Items listed in a dataset:
◇ ◇ ◇ ◇ ◇ ◇ ◇

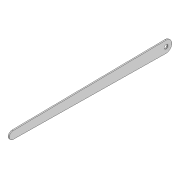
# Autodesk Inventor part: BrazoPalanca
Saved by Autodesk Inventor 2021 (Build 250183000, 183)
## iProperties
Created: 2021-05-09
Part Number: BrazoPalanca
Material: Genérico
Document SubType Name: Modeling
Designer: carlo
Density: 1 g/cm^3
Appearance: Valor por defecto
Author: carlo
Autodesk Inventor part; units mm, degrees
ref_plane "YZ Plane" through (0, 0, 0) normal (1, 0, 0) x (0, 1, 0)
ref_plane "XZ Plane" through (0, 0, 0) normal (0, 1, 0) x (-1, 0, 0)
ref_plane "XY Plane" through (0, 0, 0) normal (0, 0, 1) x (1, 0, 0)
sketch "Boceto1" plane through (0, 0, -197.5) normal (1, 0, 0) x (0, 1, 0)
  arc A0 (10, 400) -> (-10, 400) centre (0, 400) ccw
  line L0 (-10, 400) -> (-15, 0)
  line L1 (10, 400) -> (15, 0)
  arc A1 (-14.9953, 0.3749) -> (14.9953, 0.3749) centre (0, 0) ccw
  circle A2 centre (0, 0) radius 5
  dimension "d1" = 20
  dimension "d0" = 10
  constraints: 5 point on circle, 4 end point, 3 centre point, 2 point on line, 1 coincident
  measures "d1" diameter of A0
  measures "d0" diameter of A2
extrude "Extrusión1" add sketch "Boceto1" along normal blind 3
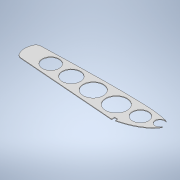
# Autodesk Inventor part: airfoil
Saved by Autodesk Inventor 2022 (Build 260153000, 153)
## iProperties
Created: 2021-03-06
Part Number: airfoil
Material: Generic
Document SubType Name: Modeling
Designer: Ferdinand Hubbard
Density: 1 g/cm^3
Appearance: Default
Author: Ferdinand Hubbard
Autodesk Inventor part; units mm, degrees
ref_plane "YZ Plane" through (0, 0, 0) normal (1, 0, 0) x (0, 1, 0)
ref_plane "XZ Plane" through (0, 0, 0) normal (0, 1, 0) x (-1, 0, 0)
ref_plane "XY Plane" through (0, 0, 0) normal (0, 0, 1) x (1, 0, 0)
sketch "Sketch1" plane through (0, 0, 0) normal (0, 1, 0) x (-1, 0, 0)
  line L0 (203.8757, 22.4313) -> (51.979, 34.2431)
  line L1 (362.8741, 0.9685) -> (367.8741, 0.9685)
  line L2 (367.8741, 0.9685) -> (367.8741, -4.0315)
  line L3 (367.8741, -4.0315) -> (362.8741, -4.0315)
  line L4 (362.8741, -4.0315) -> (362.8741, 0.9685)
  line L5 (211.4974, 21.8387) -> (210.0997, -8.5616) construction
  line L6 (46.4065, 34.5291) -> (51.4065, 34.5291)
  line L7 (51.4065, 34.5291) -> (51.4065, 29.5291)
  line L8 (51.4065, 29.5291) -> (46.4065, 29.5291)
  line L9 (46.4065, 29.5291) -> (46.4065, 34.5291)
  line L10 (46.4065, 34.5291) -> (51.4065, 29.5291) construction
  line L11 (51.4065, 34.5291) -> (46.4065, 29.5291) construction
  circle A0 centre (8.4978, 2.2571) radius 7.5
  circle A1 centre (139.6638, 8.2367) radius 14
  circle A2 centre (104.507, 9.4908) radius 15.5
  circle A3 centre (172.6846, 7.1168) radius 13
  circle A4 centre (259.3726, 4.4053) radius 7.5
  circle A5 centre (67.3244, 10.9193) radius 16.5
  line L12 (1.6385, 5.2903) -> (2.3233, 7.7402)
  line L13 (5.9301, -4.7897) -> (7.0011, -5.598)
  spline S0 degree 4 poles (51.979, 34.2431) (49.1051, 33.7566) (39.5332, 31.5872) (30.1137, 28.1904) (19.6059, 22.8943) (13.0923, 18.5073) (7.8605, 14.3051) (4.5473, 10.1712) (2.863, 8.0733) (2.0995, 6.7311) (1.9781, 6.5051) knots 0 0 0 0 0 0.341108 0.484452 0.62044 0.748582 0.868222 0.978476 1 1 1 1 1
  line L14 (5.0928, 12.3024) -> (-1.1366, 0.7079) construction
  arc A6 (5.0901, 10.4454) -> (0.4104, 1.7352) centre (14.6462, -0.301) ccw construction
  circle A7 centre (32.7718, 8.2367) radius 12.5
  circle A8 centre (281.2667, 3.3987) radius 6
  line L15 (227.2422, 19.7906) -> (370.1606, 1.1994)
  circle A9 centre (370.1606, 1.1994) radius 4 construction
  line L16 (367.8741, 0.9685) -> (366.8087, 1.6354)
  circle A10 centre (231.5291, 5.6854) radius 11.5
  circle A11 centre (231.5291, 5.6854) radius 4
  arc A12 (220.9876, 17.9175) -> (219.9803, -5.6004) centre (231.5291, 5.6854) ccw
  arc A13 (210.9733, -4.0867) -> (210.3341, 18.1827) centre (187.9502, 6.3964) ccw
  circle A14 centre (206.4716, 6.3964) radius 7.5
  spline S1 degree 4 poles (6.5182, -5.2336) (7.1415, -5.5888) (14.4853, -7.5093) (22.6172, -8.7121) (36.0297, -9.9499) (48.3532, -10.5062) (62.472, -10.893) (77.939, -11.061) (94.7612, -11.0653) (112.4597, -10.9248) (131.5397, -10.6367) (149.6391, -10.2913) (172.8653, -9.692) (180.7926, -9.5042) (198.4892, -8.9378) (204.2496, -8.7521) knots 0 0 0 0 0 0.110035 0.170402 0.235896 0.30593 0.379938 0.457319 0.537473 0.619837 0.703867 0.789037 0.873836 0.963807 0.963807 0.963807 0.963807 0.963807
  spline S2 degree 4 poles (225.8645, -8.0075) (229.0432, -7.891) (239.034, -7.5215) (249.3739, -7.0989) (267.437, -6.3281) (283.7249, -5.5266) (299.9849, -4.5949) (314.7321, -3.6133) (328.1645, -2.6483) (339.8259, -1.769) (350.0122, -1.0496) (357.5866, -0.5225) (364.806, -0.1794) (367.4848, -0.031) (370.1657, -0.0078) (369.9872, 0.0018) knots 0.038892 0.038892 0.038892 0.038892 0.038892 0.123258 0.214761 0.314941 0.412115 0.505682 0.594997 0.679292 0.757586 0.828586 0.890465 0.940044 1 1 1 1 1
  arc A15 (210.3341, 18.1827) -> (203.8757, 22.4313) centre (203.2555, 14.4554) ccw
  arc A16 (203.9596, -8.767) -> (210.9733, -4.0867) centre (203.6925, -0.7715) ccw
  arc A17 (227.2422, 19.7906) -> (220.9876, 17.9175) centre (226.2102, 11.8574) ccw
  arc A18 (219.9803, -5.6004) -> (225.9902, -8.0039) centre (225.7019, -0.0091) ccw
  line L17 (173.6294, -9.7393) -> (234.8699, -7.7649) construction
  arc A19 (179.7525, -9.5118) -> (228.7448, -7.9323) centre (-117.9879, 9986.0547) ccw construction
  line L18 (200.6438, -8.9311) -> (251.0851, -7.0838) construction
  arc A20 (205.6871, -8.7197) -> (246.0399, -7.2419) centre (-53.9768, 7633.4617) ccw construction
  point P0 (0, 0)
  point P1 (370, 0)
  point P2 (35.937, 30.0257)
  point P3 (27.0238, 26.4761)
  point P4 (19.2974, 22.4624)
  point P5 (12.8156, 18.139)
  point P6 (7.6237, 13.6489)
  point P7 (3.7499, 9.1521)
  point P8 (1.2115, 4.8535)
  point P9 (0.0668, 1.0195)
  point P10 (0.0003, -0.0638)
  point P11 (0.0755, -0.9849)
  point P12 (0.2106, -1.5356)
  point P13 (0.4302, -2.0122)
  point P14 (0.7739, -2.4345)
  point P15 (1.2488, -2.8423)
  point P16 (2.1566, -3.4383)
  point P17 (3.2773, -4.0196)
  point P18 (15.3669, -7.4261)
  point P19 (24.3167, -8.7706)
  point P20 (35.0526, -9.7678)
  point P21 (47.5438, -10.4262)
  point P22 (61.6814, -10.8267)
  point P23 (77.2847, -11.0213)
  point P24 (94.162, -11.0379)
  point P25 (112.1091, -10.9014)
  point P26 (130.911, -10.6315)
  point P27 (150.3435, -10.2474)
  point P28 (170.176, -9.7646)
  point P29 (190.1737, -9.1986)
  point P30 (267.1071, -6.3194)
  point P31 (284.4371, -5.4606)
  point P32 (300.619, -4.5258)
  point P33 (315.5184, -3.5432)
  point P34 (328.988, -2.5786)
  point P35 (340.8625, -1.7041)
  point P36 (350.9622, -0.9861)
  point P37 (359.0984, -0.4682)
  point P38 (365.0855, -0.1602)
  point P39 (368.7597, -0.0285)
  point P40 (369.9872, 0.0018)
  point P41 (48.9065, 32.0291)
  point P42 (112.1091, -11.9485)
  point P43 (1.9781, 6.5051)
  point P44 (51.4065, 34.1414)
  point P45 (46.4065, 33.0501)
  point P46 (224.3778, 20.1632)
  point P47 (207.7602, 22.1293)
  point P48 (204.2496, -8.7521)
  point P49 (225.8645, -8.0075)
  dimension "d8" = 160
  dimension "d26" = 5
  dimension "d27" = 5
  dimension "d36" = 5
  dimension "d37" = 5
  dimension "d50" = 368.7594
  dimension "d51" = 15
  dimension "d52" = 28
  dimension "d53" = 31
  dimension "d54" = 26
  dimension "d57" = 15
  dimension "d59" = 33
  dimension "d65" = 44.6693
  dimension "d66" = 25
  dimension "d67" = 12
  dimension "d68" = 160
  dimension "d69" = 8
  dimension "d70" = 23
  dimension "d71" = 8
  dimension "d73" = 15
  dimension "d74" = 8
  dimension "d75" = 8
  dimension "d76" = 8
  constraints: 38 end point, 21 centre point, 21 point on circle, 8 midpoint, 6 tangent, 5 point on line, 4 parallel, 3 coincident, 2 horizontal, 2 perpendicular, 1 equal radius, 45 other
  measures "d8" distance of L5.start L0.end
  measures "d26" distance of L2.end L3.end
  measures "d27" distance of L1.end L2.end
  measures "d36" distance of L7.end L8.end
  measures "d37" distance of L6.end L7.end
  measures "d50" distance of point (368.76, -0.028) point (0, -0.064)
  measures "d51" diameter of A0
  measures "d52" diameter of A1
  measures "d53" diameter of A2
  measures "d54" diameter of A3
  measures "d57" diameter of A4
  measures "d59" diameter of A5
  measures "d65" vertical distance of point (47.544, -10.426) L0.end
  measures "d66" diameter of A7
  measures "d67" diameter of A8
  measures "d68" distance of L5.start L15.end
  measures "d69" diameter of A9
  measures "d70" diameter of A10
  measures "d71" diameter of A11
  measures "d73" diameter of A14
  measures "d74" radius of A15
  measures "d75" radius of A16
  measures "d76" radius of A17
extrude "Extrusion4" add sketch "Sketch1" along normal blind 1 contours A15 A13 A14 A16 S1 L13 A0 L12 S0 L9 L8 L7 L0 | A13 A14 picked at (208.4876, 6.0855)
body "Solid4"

◇ ◇ ◇ ◇ ◇ ◇ ◇

Task requirements
Each line from the one holding "diameter of A5" to the end of the data above goes into the answer exactly as written, and no other line does.

Solved problem
  measures "d59" diameter of A5
  measures "d65" vertical distance of point (47.544, -10.426) L0.end
  measures "d66" diameter of A7
  measures "d67" diameter of A8
  measures "d68" distance of L5.start L15.end
  measures "d69" diameter of A9
  measures "d70" diameter of A10
  measures "d71" diameter of A11
  measures "d73" diameter of A14
  measures "d74" radius of A15
  measures "d75" radius of A16
  measures "d76" radius of A17
extrude "Extrusion4" add sketch "Sketch1" along normal blind 1 contours A15 A13 A14 A16 S1 L13 A0 L12 S0 L9 L8 L7 L0 | A13 A14 picked at (208.4876, 6.0855)
body "Solid4"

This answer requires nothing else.